**EXERCISE INSTRUCTIONS**
Among the entries below, tally each line containing "Continuous"; respond with the total only.

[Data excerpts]
# # # #

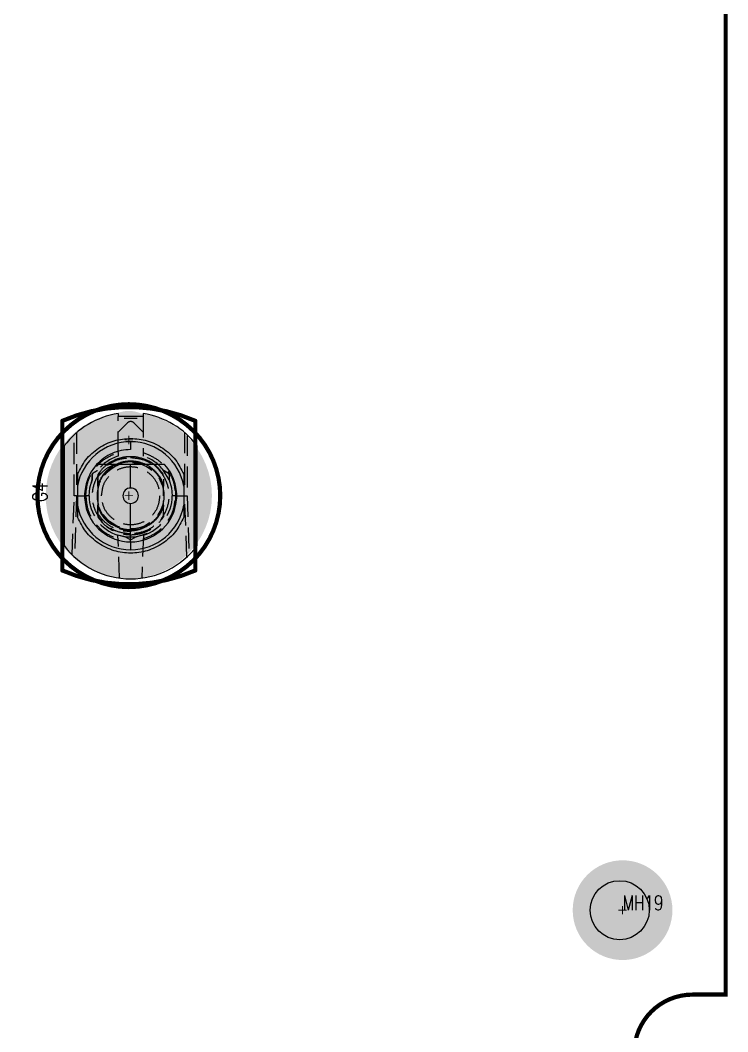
# Model space of a CAD drawing. Header units: millimetres. Extents: x 5 to 1395, y 5 to 415.
# Drawn here: x 1352.6 to 1395.2, y 71.9 to 132.8 of the extents above; entities that cross this region are included whole.
import ezdxf

# ---------------------------------------------------------------- set-up
doc = ezdxf.new("R2010")
doc.units = ezdxf.units.MM
doc.linetypes.add('HIDDEN', pattern=[1.905, 1.27, -0.635])
for name, color, linetype in [('BOARD_OUTLINE_00', 2, 'Continuous'), ('DRIL_PLTE_THRU_01', 16, 'Continuous'), ('DRIL_PLTE_THRU_02', 146, 'Continuous'), ('DRIL_PLTE_THRU_03', 56, 'Continuous'), ('DRIL_PLTE_THRU_04', 216, 'Continuous'), ('DRIL_PLTE_THRU_05', 34, 'Continuous'), ('DRIL_PLTE_THRU_06', 96, 'Continuous'), ('DRIL_PLTE_THRU_07', 171, 'Continuous'), ('DRIL_PLTE_THRU_08', 176, 'Continuous'), ('DRIL_SYMBOL', 2, 'Continuous'), ('PADS_BOT', 5, 'Continuous'), ('PADS_INNER', 1, 'Continuous'), ('PADS_TOP', 1, 'Continuous'), ('PART_NAME_01', 1, 'Continuous'), ('PART_TOP_2DLINE_26', 5, 'Continuous'), ('PART_TOP_2DLINE_27', 5, 'Continuous')]:
    doc.layers.add(name, color=color, linetype=linetype)
doc.styles.add('W0$127', font='simplex', dxfattribs={"width": 0.75})

# ---------------------------------------------------------------- blocks, each defined once
blk = doc.blocks.new('BOARD_30802')
at = {"layer": 'BOARD_OUTLINE_00', "const_width": 0.254}
blk.add_lwpolyline([(0, 0), (431.8, 0), (431.8, 55.96999), (429.8, 55.96999, -1), (429.8, 62.96999), (431.8, 62.96999), (431.8, 165.94328), (429.79848, 165.94328, -1), (429.79848, 172.96638), (431.8, 172.96638), (431.8, 279.4), (419.4, 279.4), (419.40226, 279.39, -1), (412.4, 279.39), (412.4, 279.4), (299.4, 279.4), (299.4, 279.399, -1), (292.4, 279.399), (292.4, 279.4), (139.4, 279.4, -1)], format="xyb", dxfattribs=at)
blk = doc.blocks.new('DRIL_SYMBOL_3$5')
at = {"layer": 'DRIL_SYMBOL', "const_width": 0.0508}
for points in [[(-0.254, 0), (0.254, 0)], [(0, -0.254), (0, 0.254)]]:
    blk.add_lwpolyline(points, dxfattribs=at)
blk = doc.blocks.new('DRIL_HOLE_3$5')
at = {"const_width": 1.75}
blk.add_lwpolyline([(-0.875, 0, 1), (0.875, 0, 1)], format="xyb", close=True, dxfattribs=at)
blk.add_blockref('DRIL_SYMBOL_3$5', (0, 0))
blk = doc.blocks.new('PAD_26')
at = {"const_width": 3}
blk.add_lwpolyline([(0, -1.5, 1), (0, 1.5, 1)], format="xyb", close=True, dxfattribs=at)
blk = doc.blocks.new('STK_TOP_206')
at = {"layer": 'DRIL_PLTE_THRU_01'}
blk.add_blockref('DRIL_HOLE_3$5', (0, 0), dxfattribs=at)
at = {"layer": 'DRIL_PLTE_THRU_02'}
blk.add_blockref('DRIL_HOLE_3$5', (0, 0), dxfattribs=at)
at = {"layer": 'DRIL_PLTE_THRU_03'}
blk.add_blockref('DRIL_HOLE_3$5', (0, 0), dxfattribs=at)
at = {"layer": 'DRIL_PLTE_THRU_04'}
blk.add_blockref('DRIL_HOLE_3$5', (0, 0), dxfattribs=at)
at = {"layer": 'DRIL_PLTE_THRU_05'}
blk.add_blockref('DRIL_HOLE_3$5', (0, 0), dxfattribs=at)
at = {"layer": 'DRIL_PLTE_THRU_06'}
blk.add_blockref('DRIL_HOLE_3$5', (0, 0), dxfattribs=at)
at = {"layer": 'DRIL_PLTE_THRU_07'}
blk.add_blockref('DRIL_HOLE_3$5', (0, 0), dxfattribs=at)
at = {"layer": 'DRIL_PLTE_THRU_08'}
blk.add_blockref('DRIL_HOLE_3$5', (0, 0), dxfattribs=at)
at = {"layer": 'PADS_BOT'}
blk.add_blockref('PAD_26', (0, 0), dxfattribs=at)
at = {"layer": 'PADS_INNER'}
blk.add_blockref('PAD_26', (0, 0), dxfattribs=at)
at = {"layer": 'PADS_TOP'}
blk.add_blockref('PAD_26', (0, 0), dxfattribs=at)
blk = doc.blocks.new('SYM_TOP_19')
blk.add_blockref('STK_TOP_206', (0, 0))
blk = doc.blocks.new('PART_TOP_371')
blk.add_blockref('SYM_TOP_19', (0, 0))
at = {"layer": 'PART_NAME_01', "style": 'W0$127', "width": 0.75}
blk.add_text('MH19', height=0.889, dxfattribs=at).set_placement((0, 0))
blk = doc.blocks.new('SMOOTH_0$254')
at = {"const_width": 0.127}
blk.add_lwpolyline([(-0.0635, 0, 1), (0.0635, 0, 1)], format="xyb", close=True, dxfattribs=at)
blk = doc.blocks.new('PART_BODY_TOP_1')
at = {"layer": 'PART_TOP_2DLINE_26', "const_width": 0.254}
blk.add_lwpolyline([(5.5, 0, 1), (-5.5, 0, 1)], format="xyb", close=True, dxfattribs=at)
at = {"layer": 'PART_TOP_2DLINE_27', "const_width": 0.254}
blk.add_lwpolyline([(-4.5, 4), (4.5, 4, -0.208911), (4.5, -4), (-4.5, -4, -0.208911)], format="xyb", close=True, dxfattribs=at)
at = {"layer": 'PART_TOP_2DLINE_27'}
for p in [(-4.5, 4), (4.5, 4), (-4.5, -4), (4.5, -4)]:
    blk.add_blockref('SMOOTH_0$254', p, dxfattribs=at)
blk = doc.blocks.new('DRIL_SYMBOL_5$15')
at = {"layer": 'DRIL_SYMBOL', "const_width": 0.0508}
for points in [[(-0.254, 0), (0.254, 0)], [(0, -0.254), (0, 0.254)]]:
    blk.add_lwpolyline(points, dxfattribs=at)
blk = doc.blocks.new('DRIL_HOLE_5$15')
at = {"const_width": 2.575}
blk.add_lwpolyline([(-1.2875, 0, 1), (1.2875, 0, 1)], format="xyb", close=True, dxfattribs=at)
blk.add_blockref('DRIL_SYMBOL_5$15', (0, 0))
blk = doc.blocks.new('PAD_0')
at = {"const_width": 5}
blk.add_lwpolyline([(0, -2.5, 1), (0, 2.5, 1)], format="xyb", close=True, dxfattribs=at)
blk = doc.blocks.new('STK_TOP_181')
at = {"layer": 'DRIL_PLTE_THRU_01'}
blk.add_blockref('DRIL_HOLE_5$15', (0, 0), dxfattribs=at)
at = {"layer": 'DRIL_PLTE_THRU_02'}
blk.add_blockref('DRIL_HOLE_5$15', (0, 0), dxfattribs=at)
at = {"layer": 'DRIL_PLTE_THRU_03'}
blk.add_blockref('DRIL_HOLE_5$15', (0, 0), dxfattribs=at)
at = {"layer": 'DRIL_PLTE_THRU_04'}
blk.add_blockref('DRIL_HOLE_5$15', (0, 0), dxfattribs=at)
at = {"layer": 'DRIL_PLTE_THRU_05'}
blk.add_blockref('DRIL_HOLE_5$15', (0, 0), dxfattribs=at)
at = {"layer": 'DRIL_PLTE_THRU_06'}
blk.add_blockref('DRIL_HOLE_5$15', (0, 0), dxfattribs=at)
at = {"layer": 'DRIL_PLTE_THRU_07'}
blk.add_blockref('DRIL_HOLE_5$15', (0, 0), dxfattribs=at)
at = {"layer": 'DRIL_PLTE_THRU_08'}
blk.add_blockref('DRIL_HOLE_5$15', (0, 0), dxfattribs=at)
at = {"layer": 'PADS_BOT'}
blk.add_blockref('PAD_0', (0, 0), dxfattribs=at)
at = {"layer": 'PADS_INNER'}
blk.add_blockref('PAD_0', (0, 0), dxfattribs=at)
at = {"layer": 'PADS_TOP'}
blk.add_blockref('PAD_0', (0, 0), dxfattribs=at)
blk = doc.blocks.new('DRIL_SYMBOL_2$55')
at = {"layer": 'DRIL_SYMBOL', "const_width": 0.0508}
for points in [[(-0.254, 0), (0.254, 0)], [(0, -0.254), (0, 0.254)]]:
    blk.add_lwpolyline(points, dxfattribs=at)
blk = doc.blocks.new('DRIL_HOLE_2$55')
at = {"const_width": 1.275}
blk.add_lwpolyline([(-0.6375, 0, 1), (0.6375, 0, 1)], format="xyb", close=True, dxfattribs=at)
blk.add_blockref('DRIL_SYMBOL_2$55', (0, 0))
blk = doc.blocks.new('PAD_1')
at = {"const_width": 1.75}
blk.add_lwpolyline([(0, -0.875, 1), (0, 0.875, 1)], format="xyb", close=True, dxfattribs=at)
blk = doc.blocks.new('STK_TOP_182')
at = {"layer": 'DRIL_PLTE_THRU_01'}
blk.add_blockref('DRIL_HOLE_2$55', (0, 0), dxfattribs=at)
at = {"layer": 'DRIL_PLTE_THRU_02'}
blk.add_blockref('DRIL_HOLE_2$55', (0, 0), dxfattribs=at)
at = {"layer": 'DRIL_PLTE_THRU_03'}
blk.add_blockref('DRIL_HOLE_2$55', (0, 0), dxfattribs=at)
at = {"layer": 'DRIL_PLTE_THRU_04'}
blk.add_blockref('DRIL_HOLE_2$55', (0, 0), dxfattribs=at)
at = {"layer": 'DRIL_PLTE_THRU_05'}
blk.add_blockref('DRIL_HOLE_2$55', (0, 0), dxfattribs=at)
at = {"layer": 'DRIL_PLTE_THRU_06'}
blk.add_blockref('DRIL_HOLE_2$55', (0, 0), dxfattribs=at)
at = {"layer": 'DRIL_PLTE_THRU_07'}
blk.add_blockref('DRIL_HOLE_2$55', (0, 0), dxfattribs=at)
at = {"layer": 'DRIL_PLTE_THRU_08'}
blk.add_blockref('DRIL_HOLE_2$55', (0, 0), dxfattribs=at)
at = {"layer": 'PADS_BOT'}
blk.add_blockref('PAD_1', (0, 0), dxfattribs=at)
at = {"layer": 'PADS_INNER'}
blk.add_blockref('PAD_1', (0, 0), dxfattribs=at)
at = {"layer": 'PADS_TOP'}
blk.add_blockref('PAD_1', (0, 0), dxfattribs=at)
blk = doc.blocks.new('SYM_TOP_3')
for name, p in [('PART_BODY_TOP_1', (0, 0)), ('STK_TOP_181', (0, 0)), ('STK_TOP_182', (3.35, 0))]:
    blk.add_blockref(name, p)
blk = doc.blocks.new('PART_TOP_30')
blk.add_blockref('SYM_TOP_3', (0, 0))
at = {"layer": 'PART_NAME_01', "style": 'W0$127', "width": 0.75}
blk.add_text('G4', height=0.889, dxfattribs=at).set_placement((-0.381, 4.9022))
blk = doc.blocks.new('q')
for name, p in [('BOARD_30802', (963.245, 11.209)), ('PART_TOP_371', (1388.842, 79.259))]:
    blk.add_blockref(name, p)
at = {"rotation": 90}
blk.add_blockref('PART_TOP_30', (1359.135, 104.199), dxfattribs=at)

msp = doc.modelspace()

# ---------------------------------------------------------------- linework, layer by layer
at = {"color": 7, "linetype": 'Continuous', "lineweight": 15}
for p, q in [((1395.0448, 74.1788), (1395.0448, 177.1788)), ((1358.4948, 109.1372), (1358.4948, 108.9688)), ((1359.9948, 108.9688), (1358.4948, 108.9688)), ((1359.9948, 109.1372), (1359.9948, 108.9688)), ((1355.2448, 107.1938), (1355.2448, 101.1938)), ((1359.2448, 107.4438), (1359.2448, 106.9688)), ((1363.2448, 101.1938), (1363.2448, 107.1938)), ((1359.2448, 104.6585), (1359.2448, 106.0688)), ((1359.2448, 101.4188), (1359.2448, 103.729)), ((1359.2448, 101.4188), (1359.2448, 100.9438)), ((1395.0448, 74.1788), (1393.0448, 74.1788))]:
    msp.add_line(p, q, dxfattribs=at)
at = {"color": 7, "linetype": 'HIDDEN', "lineweight": 0}
for p, q in [((1358.4948, 106.7875), (1358.4948, 108.9688)), ((1359.9948, 108.9688), (1359.9948, 106.7875)), ((1358.4948, 108.0286), (1359.068, 108.6019)), ((1359.4216, 108.6019), (1359.9948, 108.0286)), ((1355.8505, 104.1938), (1355.8505, 107.8651)), ((1355.9948, 107.9934), (1355.9948, 104.8441)), ((1362.4948, 104.8441), (1362.4948, 107.9934)), ((1362.6392, 107.8651), (1362.6392, 104.1938)), ((1360.6425, 106.083), (1361.2198, 105.4673)), ((1356.9364, 105.1537), (1356.9364, 105.4688)), ((1357.2698, 105.4673), (1357.2698, 104.509)), ((1360.9258, 105.4164), (1361.2198, 104.8447)), ((1360.9259, 105.4164), (1361.2198, 104.8447)), ((1361.2198, 105.4673), (1361.031, 105.6926)), ((1361.2303, 105.7129), (1361.5032, 105.5554)), ((1361.5532, 105.1537), (1361.2303, 105.7129)), ((1356.9364, 105.1537), (1356.8784, 104.9515)), ((1357.2698, 105.1947), (1357.2698, 104.8447)), ((1357.2698, 104.8447), (1357.2698, 105.1947)), ((1357.4317, 105.1595), (1357.2698, 104.8447)), ((1357.2698, 104.7598), (1357.4174, 105.0727)), ((1357.4174, 105.0727), (1357.2698, 104.7598)), ((1361.06, 105.0988), (1361.2198, 104.7598)), ((1361.2198, 104.7598), (1361.06, 105.0987)), ((1361.2198, 104.8447), (1361.0959, 105.0858)), ((1361.2198, 105.1947), (1361.2198, 104.8447)), ((1361.2198, 104.509), (1361.2198, 104.7598)), ((1355.7263, 100.6413), (1355.8504, 104.1938)), ((1355.9948, 104.1938), (1355.8505, 104.1938)), ((1355.9948, 104.1938), (1355.8661, 100.5081)), ((1355.9948, 104.1938), (1356.5448, 104.1938)), ((1356.7448, 104.1938), (1356.5448, 104.1938)), ((1357.2698, 104.509), (1357.2698, 103.8785)), ((1361.2198, 104.2753), (1361.2198, 104.509)), ((1361.2198, 104.1938), (1361.2198, 104.4618)), ((1361.9448, 104.1938), (1361.7448, 104.1938)), ((1361.9448, 104.1938), (1362.4948, 104.1938)), ((1362.6235, 100.5081), (1362.4948, 104.1938)), ((1362.4948, 104.1938), (1362.6392, 104.1938)), ((1362.6392, 104.1938), (1362.7633, 100.6413)), ((1357.2698, 103.8785), (1357.2698, 103.1212)), ((1357.5322, 103.0713), (1357.2698, 103.6278)), ((1357.2698, 103.6278), (1357.5322, 103.0713)), ((1357.2698, 103.5429), (1357.2698, 102.9202)), ((1357.2698, 103.1212), (1357.2698, 103.5429)), ((1357.2698, 103.5429), (1357.4773, 103.1394)), ((1357.5323, 103.0713), (1357.2699, 103.6278)), ((1357.2699, 103.6278), (1357.5323, 103.0713)), ((1361.2198, 103.6278), (1360.8586, 102.9223)), ((1361.2198, 103.5429), (1360.9555, 103.0288)), ((1360.9555, 103.0288), (1361.2198, 103.5429)), ((1361.2198, 103.5429), (1360.9555, 103.0288)), ((1361.2198, 103.6278), (1360.9689, 103.0957)), ((1360.9689, 103.0957), (1361.2198, 103.6278)), ((1361.2198, 103.6278), (1360.9689, 103.0957)), ((1360.9689, 103.0957), (1361.2198, 103.6278)), ((1360.99, 103.0959), (1361.2198, 103.5429)), ((1361.2198, 103.6278), (1360.9983, 103.1579)), ((1360.9983, 103.1579), (1361.2198, 103.6278)), ((1361.2198, 103.6278), (1361.2198, 103.8785)), ((1361.2198, 102.9203), (1361.2198, 103.5429)), ((1361.9698, 103.6694), (1361.9698, 103.6694)), ((1357.2698, 102.9203), (1357.499, 102.6468)), ((1361.0544, 102.7228), (1361.2198, 102.9203)), ((1361.1031, 102.7809), (1361.2198, 102.9203)), ((1361.2198, 103.1928), (1361.2198, 102.9203)), ((1357.7882, 102.3693), (1358.0698, 102.1586)), ((1358.444, 101.8338), (1358.9219, 101.7147)), ((1358.5698, 99.2395), (1358.4799, 101.8137)), ((1358.9219, 101.7147), (1358.4799, 101.8137)), ((1359.1948, 101.5572), (1358.9219, 101.7147)), ((1358.9219, 101.7147), (1359.5677, 101.7147)), ((1358.9799, 101.877), (1359.2448, 101.8438)), ((1359.2448, 101.8438), (1359.5685, 101.8844)), ((1359.2448, 101.8438), (1359.5551, 101.8827)), ((1359.5677, 101.7147), (1359.2948, 101.5572)), ((1359.5677, 101.7147), (1360.2558, 101.9349)), ((1360.0097, 101.8137), (1359.5677, 101.7147)), ((1360.0097, 101.8137), (1359.9198, 99.2395))]:
    msp.add_line(p, q, dxfattribs=at)
at = {"color": 7, "linetype": 'HIDDEN', "lineweight": 0, "flags": 128}
for points in [[(1358.4687, 106.123), (1358.4973, 106.1268), (1358.5062, 106.1269), (1358.5076, 106.1266), (1358.5084, 106.1262), (1358.5085, 106.1261), (1358.5086, 106.126), (1358.5086, 106.126), (1358.5086, 106.126), (1358.5086, 106.126), (1358.5087, 106.126), (1358.5087, 106.126), (1358.5086, 106.126), (1358.5086, 106.1263), (1358.5086, 106.1263), (1358.5086, 106.1264), (1358.5086, 106.1264), (1358.5086, 106.1264), (1358.5086, 106.1264), (1358.5086, 106.1263), (1358.5087, 106.1261), (1358.5087, 106.1259), (1358.5088, 106.1258), (1358.5088, 106.1257), (1358.5088, 106.1257), (1358.5088, 106.1257), (1358.5088, 106.1257), (1358.5088, 106.1257), (1358.5088, 106.1254), (1358.5087, 106.125), (1358.5083, 106.1243), (1358.5054, 106.1217), (1358.3759, 106.0575), (1358.2129, 105.9703)], [(1357.2698, 105.4673), (1357.2698, 105.4673)], [(1357.2698, 105.4673), (1357.2698, 105.4673)], [(1357.2698, 105.4673), (1357.2698, 105.4673)], [(1357.2698, 105.4673), (1357.2698, 105.4673)], [(1357.2698, 105.4673), (1357.2698, 105.4673)], [(1357.2698, 105.4673), (1357.2698, 105.4673)], [(1357.2698, 105.4673), (1357.2698, 105.4673)], [(1357.2698, 105.4673), (1357.2698, 105.4673)], [(1361.2198, 105.4673), (1361.2198, 105.4673)], [(1356.7448, 104.1938), (1356.7886, 104.6594), (1356.9364, 105.1537)], [(1361.2198, 104.7598), (1361.2198, 104.7598)], [(1361.2198, 104.7598), (1361.2198, 104.7598)], [(1361.2198, 104.7598), (1361.2198, 104.7598)], [(1361.2198, 104.7598), (1361.2198, 104.7598)], [(1361.2198, 104.7598), (1361.2198, 104.7598)], [(1361.5532, 105.1537), (1361.7011, 104.6594), (1361.7448, 104.1853)], [(1357.2698, 104.509), (1357.2698, 104.509)], [(1357.2698, 103.8785), (1357.2698, 103.8785)], [(1361.2198, 103.6278), (1361.2198, 103.6278)], [(1361.2198, 103.6278), (1361.2198, 103.6278)], [(1361.2198, 103.6278), (1361.2198, 103.6278)], [(1361.2198, 103.6278), (1361.2198, 103.6278)], [(1361.2198, 103.6278), (1361.2198, 103.6278)], [(1361.2198, 103.6278), (1361.2198, 103.6278)], [(1361.2198, 103.6278), (1361.2198, 103.6278)], [(1361.2198, 103.6278), (1361.2198, 103.6278)], [(1357.2698, 102.9203), (1357.2698, 102.9203)], [(1357.2698, 102.9203), (1357.2698, 102.9203)], [(1357.2698, 102.9203), (1357.2698, 102.9203)], [(1357.2698, 102.9203), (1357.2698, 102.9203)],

# # # #

**EXERCISE RESULT**
2